START Entries supplied
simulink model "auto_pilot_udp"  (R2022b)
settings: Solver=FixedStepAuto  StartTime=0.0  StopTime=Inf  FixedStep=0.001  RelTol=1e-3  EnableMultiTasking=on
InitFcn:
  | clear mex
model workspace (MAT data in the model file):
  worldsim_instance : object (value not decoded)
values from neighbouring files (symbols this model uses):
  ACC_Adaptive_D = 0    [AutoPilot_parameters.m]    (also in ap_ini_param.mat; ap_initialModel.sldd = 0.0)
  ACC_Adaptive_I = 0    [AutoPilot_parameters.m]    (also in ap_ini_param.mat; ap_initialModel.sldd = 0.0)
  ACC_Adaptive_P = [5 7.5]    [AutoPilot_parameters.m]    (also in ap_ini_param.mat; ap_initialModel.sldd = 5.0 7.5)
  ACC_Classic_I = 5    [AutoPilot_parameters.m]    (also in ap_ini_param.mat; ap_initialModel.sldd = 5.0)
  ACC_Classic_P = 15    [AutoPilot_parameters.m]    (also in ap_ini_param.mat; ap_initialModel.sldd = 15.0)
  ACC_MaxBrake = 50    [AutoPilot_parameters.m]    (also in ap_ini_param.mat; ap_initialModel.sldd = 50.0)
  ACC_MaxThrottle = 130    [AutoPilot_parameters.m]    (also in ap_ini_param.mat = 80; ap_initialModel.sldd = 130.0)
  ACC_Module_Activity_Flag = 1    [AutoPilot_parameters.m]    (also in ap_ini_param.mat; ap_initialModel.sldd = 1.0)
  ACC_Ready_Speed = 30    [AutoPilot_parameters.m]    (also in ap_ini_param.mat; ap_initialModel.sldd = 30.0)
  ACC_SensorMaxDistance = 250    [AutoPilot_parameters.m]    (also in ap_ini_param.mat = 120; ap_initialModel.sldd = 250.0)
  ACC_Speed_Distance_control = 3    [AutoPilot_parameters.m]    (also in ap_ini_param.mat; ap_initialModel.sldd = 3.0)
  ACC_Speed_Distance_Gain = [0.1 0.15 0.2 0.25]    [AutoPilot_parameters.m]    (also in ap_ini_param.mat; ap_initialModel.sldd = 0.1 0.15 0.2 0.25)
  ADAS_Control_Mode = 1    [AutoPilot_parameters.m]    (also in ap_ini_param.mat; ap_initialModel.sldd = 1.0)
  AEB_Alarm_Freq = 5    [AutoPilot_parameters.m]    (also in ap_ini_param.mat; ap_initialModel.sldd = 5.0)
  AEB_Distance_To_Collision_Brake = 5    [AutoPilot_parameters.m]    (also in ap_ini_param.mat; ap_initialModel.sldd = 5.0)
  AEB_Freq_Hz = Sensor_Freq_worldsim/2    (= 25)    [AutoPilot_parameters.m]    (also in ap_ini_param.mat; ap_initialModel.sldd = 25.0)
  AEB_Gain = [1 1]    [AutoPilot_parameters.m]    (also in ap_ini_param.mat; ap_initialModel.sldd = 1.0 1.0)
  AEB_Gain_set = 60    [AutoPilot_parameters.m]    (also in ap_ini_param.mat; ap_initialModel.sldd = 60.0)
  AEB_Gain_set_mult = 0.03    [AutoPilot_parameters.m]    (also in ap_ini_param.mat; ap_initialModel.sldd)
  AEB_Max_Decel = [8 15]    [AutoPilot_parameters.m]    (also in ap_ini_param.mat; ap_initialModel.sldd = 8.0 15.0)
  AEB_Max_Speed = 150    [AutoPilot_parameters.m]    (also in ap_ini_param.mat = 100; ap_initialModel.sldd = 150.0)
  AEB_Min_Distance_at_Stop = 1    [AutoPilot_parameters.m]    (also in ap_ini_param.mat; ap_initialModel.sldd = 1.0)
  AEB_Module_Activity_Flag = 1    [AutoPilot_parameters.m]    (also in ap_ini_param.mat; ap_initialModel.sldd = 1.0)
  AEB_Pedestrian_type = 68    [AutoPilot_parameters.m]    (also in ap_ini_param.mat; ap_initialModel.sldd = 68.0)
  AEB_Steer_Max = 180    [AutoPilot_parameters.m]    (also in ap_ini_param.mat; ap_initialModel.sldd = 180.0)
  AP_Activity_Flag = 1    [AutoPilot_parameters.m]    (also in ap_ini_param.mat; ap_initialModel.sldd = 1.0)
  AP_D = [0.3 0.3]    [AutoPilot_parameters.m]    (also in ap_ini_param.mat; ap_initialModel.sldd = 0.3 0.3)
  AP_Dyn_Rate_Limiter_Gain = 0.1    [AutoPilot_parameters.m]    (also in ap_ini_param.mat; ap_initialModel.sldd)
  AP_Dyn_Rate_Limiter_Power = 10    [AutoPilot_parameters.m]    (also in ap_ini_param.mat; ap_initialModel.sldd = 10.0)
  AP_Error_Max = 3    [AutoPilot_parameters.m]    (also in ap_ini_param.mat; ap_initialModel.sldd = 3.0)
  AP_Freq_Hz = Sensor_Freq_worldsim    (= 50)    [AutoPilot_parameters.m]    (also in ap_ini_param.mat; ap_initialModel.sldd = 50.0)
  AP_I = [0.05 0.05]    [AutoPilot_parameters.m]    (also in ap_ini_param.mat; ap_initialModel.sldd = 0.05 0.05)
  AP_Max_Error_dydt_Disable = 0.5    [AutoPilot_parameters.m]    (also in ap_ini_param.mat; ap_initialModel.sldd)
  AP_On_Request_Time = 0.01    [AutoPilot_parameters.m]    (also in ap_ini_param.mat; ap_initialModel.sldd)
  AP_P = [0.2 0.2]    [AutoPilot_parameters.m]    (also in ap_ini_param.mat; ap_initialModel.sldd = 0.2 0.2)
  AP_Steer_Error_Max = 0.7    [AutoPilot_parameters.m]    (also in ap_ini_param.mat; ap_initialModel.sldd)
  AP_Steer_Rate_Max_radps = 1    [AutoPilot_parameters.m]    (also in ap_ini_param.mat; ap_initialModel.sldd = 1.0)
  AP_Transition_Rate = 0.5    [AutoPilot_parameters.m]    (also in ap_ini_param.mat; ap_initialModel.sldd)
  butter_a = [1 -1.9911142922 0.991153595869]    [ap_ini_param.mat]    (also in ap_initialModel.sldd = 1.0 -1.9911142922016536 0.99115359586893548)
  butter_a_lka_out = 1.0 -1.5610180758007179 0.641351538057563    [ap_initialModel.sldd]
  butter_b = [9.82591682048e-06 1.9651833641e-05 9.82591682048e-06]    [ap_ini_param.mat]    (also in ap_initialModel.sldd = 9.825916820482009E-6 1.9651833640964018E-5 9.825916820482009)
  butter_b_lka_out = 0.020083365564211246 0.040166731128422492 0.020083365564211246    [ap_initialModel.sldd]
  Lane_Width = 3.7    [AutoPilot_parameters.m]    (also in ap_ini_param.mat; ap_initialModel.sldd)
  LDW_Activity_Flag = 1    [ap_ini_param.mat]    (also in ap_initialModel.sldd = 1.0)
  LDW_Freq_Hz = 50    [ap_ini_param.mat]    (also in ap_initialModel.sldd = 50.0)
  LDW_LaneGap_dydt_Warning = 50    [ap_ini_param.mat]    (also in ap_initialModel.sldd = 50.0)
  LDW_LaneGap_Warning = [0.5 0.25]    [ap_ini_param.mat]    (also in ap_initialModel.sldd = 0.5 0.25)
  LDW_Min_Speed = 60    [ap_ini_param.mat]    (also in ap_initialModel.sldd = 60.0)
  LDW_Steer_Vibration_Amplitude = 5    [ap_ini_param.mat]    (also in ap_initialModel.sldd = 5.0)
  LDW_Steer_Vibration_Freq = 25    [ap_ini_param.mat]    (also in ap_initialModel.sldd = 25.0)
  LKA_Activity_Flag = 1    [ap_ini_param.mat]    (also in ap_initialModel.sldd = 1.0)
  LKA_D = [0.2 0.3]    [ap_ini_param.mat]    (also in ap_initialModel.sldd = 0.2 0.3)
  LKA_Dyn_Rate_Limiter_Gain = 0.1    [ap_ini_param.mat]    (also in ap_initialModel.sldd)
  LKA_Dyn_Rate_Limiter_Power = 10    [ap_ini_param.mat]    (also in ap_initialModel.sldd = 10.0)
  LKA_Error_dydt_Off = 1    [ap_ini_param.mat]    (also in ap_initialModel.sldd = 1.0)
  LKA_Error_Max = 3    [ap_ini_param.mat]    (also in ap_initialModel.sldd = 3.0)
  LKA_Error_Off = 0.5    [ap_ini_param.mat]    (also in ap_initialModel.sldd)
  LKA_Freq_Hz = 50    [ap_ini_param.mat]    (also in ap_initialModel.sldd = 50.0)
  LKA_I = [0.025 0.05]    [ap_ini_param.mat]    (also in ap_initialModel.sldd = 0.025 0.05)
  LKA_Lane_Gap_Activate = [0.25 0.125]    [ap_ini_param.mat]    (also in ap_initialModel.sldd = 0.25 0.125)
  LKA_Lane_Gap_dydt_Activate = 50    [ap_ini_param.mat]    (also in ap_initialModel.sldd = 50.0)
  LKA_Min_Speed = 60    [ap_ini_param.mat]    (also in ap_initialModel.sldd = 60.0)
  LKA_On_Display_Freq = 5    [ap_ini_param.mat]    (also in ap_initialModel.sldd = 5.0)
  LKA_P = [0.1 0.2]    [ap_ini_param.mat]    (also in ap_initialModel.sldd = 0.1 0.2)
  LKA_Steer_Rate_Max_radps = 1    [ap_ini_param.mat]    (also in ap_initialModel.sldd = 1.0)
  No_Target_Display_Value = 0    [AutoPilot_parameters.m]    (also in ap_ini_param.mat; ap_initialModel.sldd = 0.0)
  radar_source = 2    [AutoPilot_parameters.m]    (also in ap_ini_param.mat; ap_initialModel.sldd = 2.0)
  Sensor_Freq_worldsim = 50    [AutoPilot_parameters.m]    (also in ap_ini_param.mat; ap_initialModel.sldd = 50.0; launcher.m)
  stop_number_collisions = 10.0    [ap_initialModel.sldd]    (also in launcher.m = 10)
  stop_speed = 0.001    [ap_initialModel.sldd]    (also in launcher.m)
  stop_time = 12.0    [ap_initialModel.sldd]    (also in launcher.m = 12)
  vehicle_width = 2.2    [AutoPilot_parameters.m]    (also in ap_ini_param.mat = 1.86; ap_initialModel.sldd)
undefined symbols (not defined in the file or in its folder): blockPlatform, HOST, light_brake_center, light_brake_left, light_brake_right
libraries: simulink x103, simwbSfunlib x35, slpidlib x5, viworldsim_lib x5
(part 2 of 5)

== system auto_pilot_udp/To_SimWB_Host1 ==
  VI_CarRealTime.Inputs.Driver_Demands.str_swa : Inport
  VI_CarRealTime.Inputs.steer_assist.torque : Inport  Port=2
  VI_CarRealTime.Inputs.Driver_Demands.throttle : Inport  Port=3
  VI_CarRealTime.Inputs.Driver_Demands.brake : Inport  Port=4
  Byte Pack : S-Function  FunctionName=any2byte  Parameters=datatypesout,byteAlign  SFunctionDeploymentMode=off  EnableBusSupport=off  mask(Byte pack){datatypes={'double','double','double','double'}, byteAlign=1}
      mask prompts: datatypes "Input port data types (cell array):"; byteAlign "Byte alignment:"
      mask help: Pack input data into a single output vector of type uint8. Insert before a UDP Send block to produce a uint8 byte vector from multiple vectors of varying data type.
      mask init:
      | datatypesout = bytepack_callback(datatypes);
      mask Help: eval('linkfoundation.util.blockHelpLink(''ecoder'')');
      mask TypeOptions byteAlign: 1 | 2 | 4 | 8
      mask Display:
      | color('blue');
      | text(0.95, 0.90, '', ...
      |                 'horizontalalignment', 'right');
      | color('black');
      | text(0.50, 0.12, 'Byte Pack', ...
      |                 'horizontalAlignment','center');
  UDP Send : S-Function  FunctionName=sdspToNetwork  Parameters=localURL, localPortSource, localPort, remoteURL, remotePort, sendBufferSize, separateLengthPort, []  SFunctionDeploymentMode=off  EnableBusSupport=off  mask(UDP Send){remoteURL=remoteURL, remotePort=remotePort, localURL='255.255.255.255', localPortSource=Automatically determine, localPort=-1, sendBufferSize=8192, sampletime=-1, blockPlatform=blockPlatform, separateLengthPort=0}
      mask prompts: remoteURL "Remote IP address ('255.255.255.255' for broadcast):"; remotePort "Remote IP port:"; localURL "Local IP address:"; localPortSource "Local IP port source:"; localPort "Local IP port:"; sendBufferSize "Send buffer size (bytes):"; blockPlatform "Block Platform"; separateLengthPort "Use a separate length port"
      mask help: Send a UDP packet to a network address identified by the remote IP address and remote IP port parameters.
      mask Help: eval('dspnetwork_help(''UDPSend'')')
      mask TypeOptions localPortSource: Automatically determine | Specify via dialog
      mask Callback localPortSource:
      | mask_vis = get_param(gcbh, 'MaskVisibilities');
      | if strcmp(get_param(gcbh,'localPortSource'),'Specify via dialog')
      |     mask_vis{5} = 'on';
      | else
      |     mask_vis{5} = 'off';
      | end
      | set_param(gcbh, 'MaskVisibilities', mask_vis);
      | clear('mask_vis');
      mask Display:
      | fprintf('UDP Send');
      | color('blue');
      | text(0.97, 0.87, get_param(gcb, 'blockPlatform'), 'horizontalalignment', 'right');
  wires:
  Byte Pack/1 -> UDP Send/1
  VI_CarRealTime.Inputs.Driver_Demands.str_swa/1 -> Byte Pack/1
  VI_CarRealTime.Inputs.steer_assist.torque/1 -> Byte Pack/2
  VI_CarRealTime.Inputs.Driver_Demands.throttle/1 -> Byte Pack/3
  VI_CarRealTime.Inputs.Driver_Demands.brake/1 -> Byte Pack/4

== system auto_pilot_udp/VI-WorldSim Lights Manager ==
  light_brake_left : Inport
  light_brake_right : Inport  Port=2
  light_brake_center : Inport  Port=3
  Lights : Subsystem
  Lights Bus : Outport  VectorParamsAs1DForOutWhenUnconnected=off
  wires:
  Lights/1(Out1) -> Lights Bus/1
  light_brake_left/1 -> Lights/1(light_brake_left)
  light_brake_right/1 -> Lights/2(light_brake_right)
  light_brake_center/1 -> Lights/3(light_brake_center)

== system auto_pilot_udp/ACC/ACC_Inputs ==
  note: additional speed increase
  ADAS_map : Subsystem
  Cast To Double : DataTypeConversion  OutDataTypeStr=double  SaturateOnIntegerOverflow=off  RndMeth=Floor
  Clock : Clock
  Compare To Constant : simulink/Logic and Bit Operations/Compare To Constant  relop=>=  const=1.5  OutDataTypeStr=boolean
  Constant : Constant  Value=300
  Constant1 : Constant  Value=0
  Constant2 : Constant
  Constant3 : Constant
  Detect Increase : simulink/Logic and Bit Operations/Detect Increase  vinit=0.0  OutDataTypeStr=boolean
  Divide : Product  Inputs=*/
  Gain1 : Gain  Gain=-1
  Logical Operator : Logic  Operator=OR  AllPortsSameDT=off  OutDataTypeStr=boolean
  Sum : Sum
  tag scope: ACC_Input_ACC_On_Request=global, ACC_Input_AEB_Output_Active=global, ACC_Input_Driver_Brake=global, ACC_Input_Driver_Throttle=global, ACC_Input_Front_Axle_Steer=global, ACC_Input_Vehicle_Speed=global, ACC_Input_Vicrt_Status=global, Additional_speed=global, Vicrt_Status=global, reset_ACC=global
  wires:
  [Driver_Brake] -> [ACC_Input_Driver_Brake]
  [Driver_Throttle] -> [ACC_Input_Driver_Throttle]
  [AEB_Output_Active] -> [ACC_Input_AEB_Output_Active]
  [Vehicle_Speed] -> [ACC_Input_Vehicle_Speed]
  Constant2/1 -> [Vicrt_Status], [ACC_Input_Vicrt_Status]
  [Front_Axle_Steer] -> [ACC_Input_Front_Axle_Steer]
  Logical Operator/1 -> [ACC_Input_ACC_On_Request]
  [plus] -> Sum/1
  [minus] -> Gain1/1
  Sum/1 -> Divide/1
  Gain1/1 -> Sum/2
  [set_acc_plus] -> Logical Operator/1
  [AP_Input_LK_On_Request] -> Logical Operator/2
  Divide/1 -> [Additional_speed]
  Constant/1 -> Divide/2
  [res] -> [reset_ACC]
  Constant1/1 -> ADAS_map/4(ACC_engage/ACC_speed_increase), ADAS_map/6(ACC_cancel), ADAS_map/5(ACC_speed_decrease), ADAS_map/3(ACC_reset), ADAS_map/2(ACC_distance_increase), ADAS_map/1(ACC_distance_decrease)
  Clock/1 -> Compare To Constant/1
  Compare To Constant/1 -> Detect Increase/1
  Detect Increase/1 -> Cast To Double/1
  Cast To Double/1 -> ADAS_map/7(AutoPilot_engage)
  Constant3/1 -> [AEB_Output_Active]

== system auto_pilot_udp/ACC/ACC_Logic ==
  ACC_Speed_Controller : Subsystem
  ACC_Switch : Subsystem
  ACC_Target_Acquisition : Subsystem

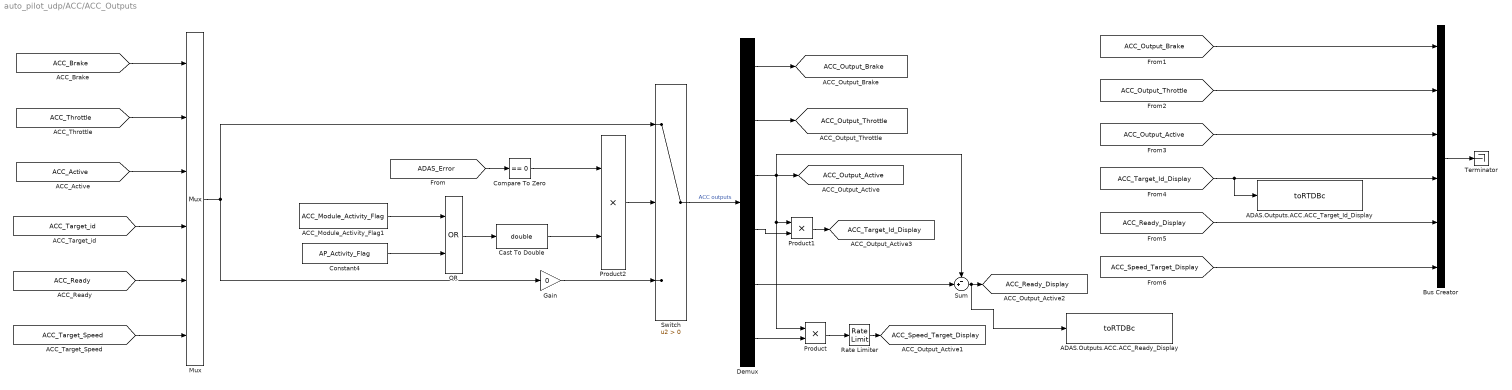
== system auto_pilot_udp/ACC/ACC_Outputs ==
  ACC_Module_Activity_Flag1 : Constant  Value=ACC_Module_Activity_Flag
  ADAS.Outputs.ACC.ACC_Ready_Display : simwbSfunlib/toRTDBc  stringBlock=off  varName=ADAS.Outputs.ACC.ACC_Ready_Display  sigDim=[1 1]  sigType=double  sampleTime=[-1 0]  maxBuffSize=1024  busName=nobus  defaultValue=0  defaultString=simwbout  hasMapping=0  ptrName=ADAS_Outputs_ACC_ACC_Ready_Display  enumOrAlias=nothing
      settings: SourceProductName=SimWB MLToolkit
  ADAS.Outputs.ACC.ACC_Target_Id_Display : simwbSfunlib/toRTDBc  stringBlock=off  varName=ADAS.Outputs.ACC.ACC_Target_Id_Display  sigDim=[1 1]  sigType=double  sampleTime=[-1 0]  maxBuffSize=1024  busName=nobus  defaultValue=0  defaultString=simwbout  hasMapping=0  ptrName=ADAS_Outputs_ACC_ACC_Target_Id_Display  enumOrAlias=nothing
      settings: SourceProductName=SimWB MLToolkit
END Entries supplied
* _Work task_
The lines above starting at the one that contains "AEB_Gain_set = 60" and ending at the one that contains "AEB_Pedestrian_type = 68" must be transcribed exactly, and no other lines may appear.

* _Response to the task_
  AEB_Gain_set = 60    [AutoPilot_parameters.m]    (also in ap_ini_param.mat; ap_initialModel.sldd = 60.0)
  AEB_Gain_set_mult = 0.03    [AutoPilot_parameters.m]    (also in ap_ini_param.mat; ap_initialModel.sldd)
  AEB_Max_Decel = [8 15]    [AutoPilot_parameters.m]    (also in ap_ini_param.mat; ap_initialModel.sldd = 8.0 15.0)
  AEB_Max_Speed = 150    [AutoPilot_parameters.m]    (also in ap_ini_param.mat = 100; ap_initialModel.sldd = 150.0)
  AEB_Min_Distance_at_Stop = 1    [AutoPilot_parameters.m]    (also in ap_ini_param.mat; ap_initialModel.sldd = 1.0)
  AEB_Module_Activity_Flag = 1    [AutoPilot_parameters.m]    (also in ap_ini_param.mat; ap_initialModel.sldd = 1.0)
  AEB_Pedestrian_type = 68    [AutoPilot_parameters.m]    (also in ap_ini_param.mat; ap_initialModel.sldd = 68.0)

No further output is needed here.